MATERIAL FOR THIS TASK:
=======

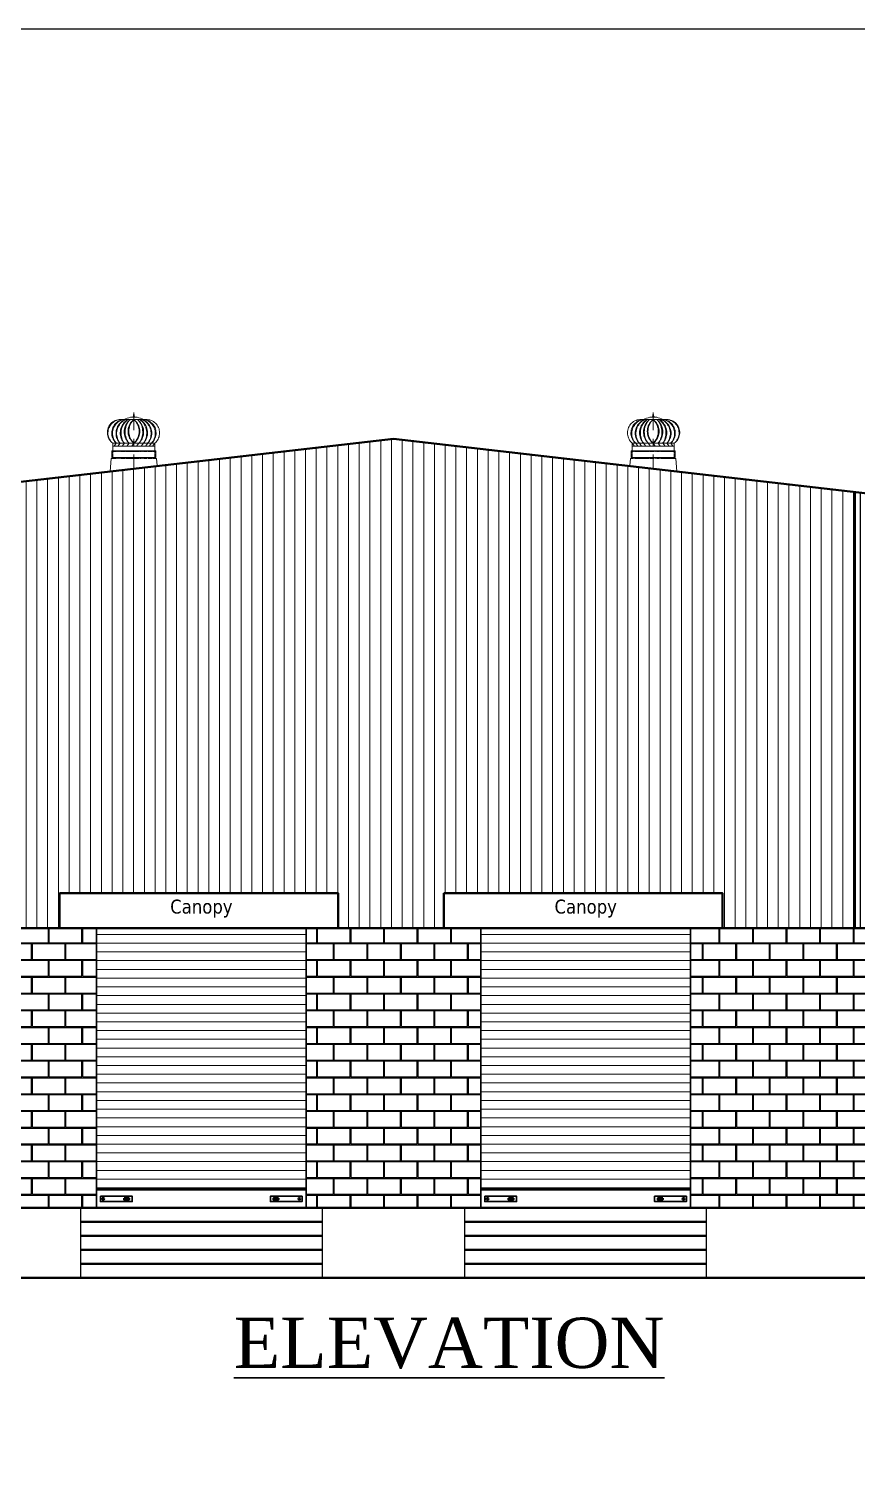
# Model space of a CAD drawing. Header units: metres. Extents: x 98347 to 98865, y -7394 to -7177.
# Drawn here: x 98545.4 to 98557.25, y -7314.23 to -7293.47 of the extents above; entities that cross this region are included whole.
import ezdxf

# ---------------------------------------------------------------- set-up
doc = ezdxf.new("R2010")
doc.units = ezdxf.units.M
doc.header["$LTSCALE"] = 0.5
doc.header["$MEASUREMENT"] = 0
doc.linetypes.add('DASHDOT', pattern=[1, 0.5, -0.25, 0, -0.25])
doc.layers.get('0').update_dxf_attribs({"color": 30, "lineweight": 40})
for name, color, linetype, lineweight in [('DIM', 5, 'Continuous', 25), ('HAT', 8, 'Continuous', 18), ('JSC-K-Text 2', 7, 'Continuous', 20), ('TEXT', 11, 'Continuous', 30), ('WINDOW', 3, 'Continuous', 30)]:
    doc.layers.add(name, color=color, linetype=linetype, lineweight=lineweight)
for name, color, linetype in [('JSC-1A-Thin', 254, 'Continuous'), ('JSC-F-Hatch', 250, 'Continuous'), ('LINE', 7, 'Continuous')]:
    doc.layers.add(name, color=color, linetype=linetype)
doc.styles.add('DIM', font='times.ttf')
doc.styles.add('JSC-Tahoma', font='tahoma.ttf')
pattern_1 = [(0, (72660.93519, 3280.62256), (0.239995887, 0.239995887), [0.4687419667, -0.011249807]), (0, (72660.6952, 3280.63381), (0.239995887, 0.239995887), [0.4687419667, -0.011249807]), (90, (72660.93519, 3280.62256), (-0.239995887, 0.239995887), [-0.251245694, 0.2287460797]), (90, (72660.92394, 3280.62256), (-0.239995887, 0.239995887), [-0.251245694, 0.2287460797])]

# ---------------------------------------------------------------- blocks, each defined once
blk = doc.blocks.new('VGSGGG')
at = {"layer": 'JSC-1A-Thin', "lineweight": 9, "extrusion": (-0.000697341, -0.000131776, 1)}
blk.add_line((93333.973, -4535.175, 0), (93333.983, -4535.274), dxfattribs=at)
at = {"layer": 'JSC-1A-Thin', "linetype": 'DASHDOT', "lineweight": 9, "extrusion": (-0.000697341, -0.000131776, 1), "elevation": -64.488}
blk.add_lwpolyline([(93333.626, -4534.527), (93333.626, -4535.327)], dxfattribs=at)
at = {"layer": 'JSC-1A-Thin', "lineweight": 9, "extrusion": (-0.000697341, -0.000131776, 1), "elevation": -64.488}
for points in [[(93333.327, -4534.965), (93333.312, -4534.954), (93333.299, -4534.94), (93333.286, -4534.926), (93333.276, -4534.911), (93333.266, -4534.894), (93333.259, -4534.878), (93333.254, -4534.859), (93333.25, -4534.84), (93333.248, -4534.821), (93333.248, -4534.802), (93333.25, -4534.783), (93333.254, -4534.765), (93333.259, -4534.747), (93333.267, -4534.73), (93333.276, -4534.714), (93333.287, -4534.698), (93333.3, -4534.683), (93333.313, -4534.671), (93333.328, -4534.659), (93333.343, -4534.65), (93333.361, -4534.641), (93333.378, -4534.634), (93333.397, -4534.629), (93333.415, -4534.626), (93333.434, -4534.625), (93333.453, -4534.626)], [(93333.326, -4534.966), (93333.312, -4534.954), (93333.299, -4534.939), (93333.288, -4534.924), (93333.278, -4534.908), (93333.27, -4534.89), (93333.265, -4534.873), (93333.26, -4534.855), (93333.257, -4534.836), (93333.257, -4534.817), (93333.258, -4534.798), (93333.261, -4534.779), (93333.266, -4534.76), (93333.272, -4534.743), (93333.281, -4534.725), (93333.291, -4534.709), (93333.302, -4534.695), (93333.315, -4534.681), (93333.329, -4534.668), (93333.345, -4534.656), (93333.361, -4534.647), (93333.378, -4534.64), (93333.396, -4534.633), (93333.415, -4534.629), (93333.433, -4534.627), (93333.452, -4534.626)], [(93333.489, -4534.626), (93333.47, -4534.628), (93333.451, -4534.633), (93333.433, -4534.639), (93333.416, -4534.647), (93333.4, -4534.656), (93333.385, -4534.668), (93333.37, -4534.68), (93333.357, -4534.694), (93333.345, -4534.708), (93333.336, -4534.725), (93333.327, -4534.742), (93333.32, -4534.76), (93333.315, -4534.778), (93333.312, -4534.797), (93333.311, -4534.816), (93333.312, -4534.835), (93333.314, -4534.853), (93333.318, -4534.872), (93333.324, -4534.89), (93333.332, -4534.907), (93333.341, -4534.924), (93333.351, -4534.939), (93333.364, -4534.954), (93333.378, -4534.966), (93333.365, -4534.951), (93333.353, -4534.935), (93333.343, -4534.918), (93333.336, -4534.9), (93333.329, -4534.881), (93333.324, -4534.862), (93333.322, -4534.842), (93333.322, -4534.821), (93333.323, -4534.802), (93333.326, -4534.783), (93333.332, -4534.763), (93333.339, -4534.745), (93333.347, -4534.727), (93333.358, -4534.71), (93333.37, -4534.695), (93333.384, -4534.68), (93333.398, -4534.666), (93333.414, -4534.655), (93333.432, -4534.645), (93333.45, -4534.637), (93333.468, -4534.631), (93333.488, -4534.627)], [(93333.431, -4534.966), (93333.418, -4534.952), (93333.406, -4534.936), (93333.395, -4534.918), (93333.387, -4534.9), (93333.38, -4534.882), (93333.375, -4534.862), (93333.372, -4534.842), (93333.372, -4534.823), (93333.372, -4534.802), (93333.375, -4534.782), (93333.38, -4534.763), (93333.387, -4534.744), (93333.395, -4534.726), (93333.405, -4534.709), (93333.418, -4534.693), (93333.431, -4534.678), (93333.445, -4534.664), (93333.461, -4534.652), (93333.478, -4534.642), (93333.496, -4534.633), (93333.515, -4534.627)], [(93333.431, -4534.965), (93333.419, -4534.949), (93333.409, -4534.933), (93333.399, -4534.915), (93333.392, -4534.896), (93333.387, -4534.875), (93333.383, -4534.855), (93333.381, -4534.836), (93333.381, -4534.815), (93333.383, -4534.794), (93333.387, -4534.775), (93333.393, -4534.755), (93333.401, -4534.736), (93333.41, -4534.719), (93333.421, -4534.701), (93333.433, -4534.685), (93333.447, -4534.671), (93333.463, -4534.657), (93333.479, -4534.645), (93333.497, -4534.635), (93333.515, -4534.626)], [(93333.489, -4534.966), (93333.477, -4534.951), (93333.465, -4534.933), (93333.456, -4534.915), (93333.447, -4534.896), (93333.441, -4534.875), (93333.437, -4534.855), (93333.433, -4534.835), (93333.433, -4534.815), (93333.434, -4534.793), (93333.437, -4534.773), (93333.442, -4534.753), (93333.45, -4534.733), (93333.458, -4534.714), (93333.468, -4534.696), (93333.481, -4534.679), (93333.494, -4534.664), (93333.51, -4534.65), (93333.525, -4534.637), (93333.543, -4534.625)], [(93333.492, -4534.966), (93333.48, -4534.949), (93333.47, -4534.93), (93333.461, -4534.911), (93333.455, -4534.89), (93333.45, -4534.87), (93333.446, -4534.848), (93333.445, -4534.827), (93333.445, -4534.806), (93333.447, -4534.785), (93333.451, -4534.765), (93333.457, -4534.744), (93333.465, -4534.724), (93333.475, -4534.705), (93333.485, -4534.687), (93333.498, -4534.67), (93333.512, -4534.654), (93333.527, -4534.639), (93333.543, -4534.625)], [(93333.799, -4534.626), (93333.453, -4534.626)], [(93333.485, -4534.626), (93333.507, -4534.616), (93333.531, -4534.607), (93333.554, -4534.6), (93333.577, -4534.595), (93333.602, -4534.592), (93333.626, -4534.591), (93333.65, -4534.592), (93333.675, -4534.595), (93333.698, -4534.6), (93333.722, -4534.607), (93333.745, -4534.616), (93333.767, -4534.626)], [(93333.558, -4534.967), (93333.544, -4534.952), (93333.532, -4534.936), (93333.521, -4534.919), (93333.511, -4534.901), (93333.503, -4534.882), (93333.497, -4534.863), (93333.493, -4534.843), (93333.489, -4534.823), (93333.489, -4534.802), (93333.489, -4534.782), (93333.493, -4534.762), (93333.498, -4534.742), (93333.504, -4534.723), (93333.512, -4534.704), (93333.523, -4534.687), (93333.533, -4534.67), (93333.547, -4534.654), (93333.561, -4534.639), (93333.577, -4534.626)], [(93333.559, -4534.966), (93333.546, -4534.949), (93333.534, -4534.93), (93333.524, -4534.91), (93333.516, -4534.89), (93333.51, -4534.869), (93333.505, -4534.847), (93333.502, -4534.825), (93333.502, -4534.803), (93333.503, -4534.781), (93333.506, -4534.76), (93333.511, -4534.737), (93333.518, -4534.717), (93333.526, -4534.697), (93333.537, -4534.677), (93333.548, -4534.659), (93333.562, -4534.641), (93333.577, -4534.625)], [(93333.63, -4534.965), (93333.615, -4534.953), (93333.601, -4534.939), (93333.588, -4534.925), (93333.577, -4534.909), (93333.567, -4534.891), (93333.558, -4534.873), (93333.552, -4534.855), (93333.548, -4534.836), (93333.544, -4534.816), (93333.544, -4534.796), (93333.544, -4534.776), (93333.548, -4534.757), (93333.552, -4534.737), (93333.558, -4534.719), (93333.566, -4534.701), (93333.575, -4534.684), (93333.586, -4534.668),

=======

All lines of the listing that contain the word "blocks" should be copied out.

RESPONSE BOX:
# ---------------------------------------------------------------- blocks, each defined once
blk = doc.blocks.new('VGSGGG')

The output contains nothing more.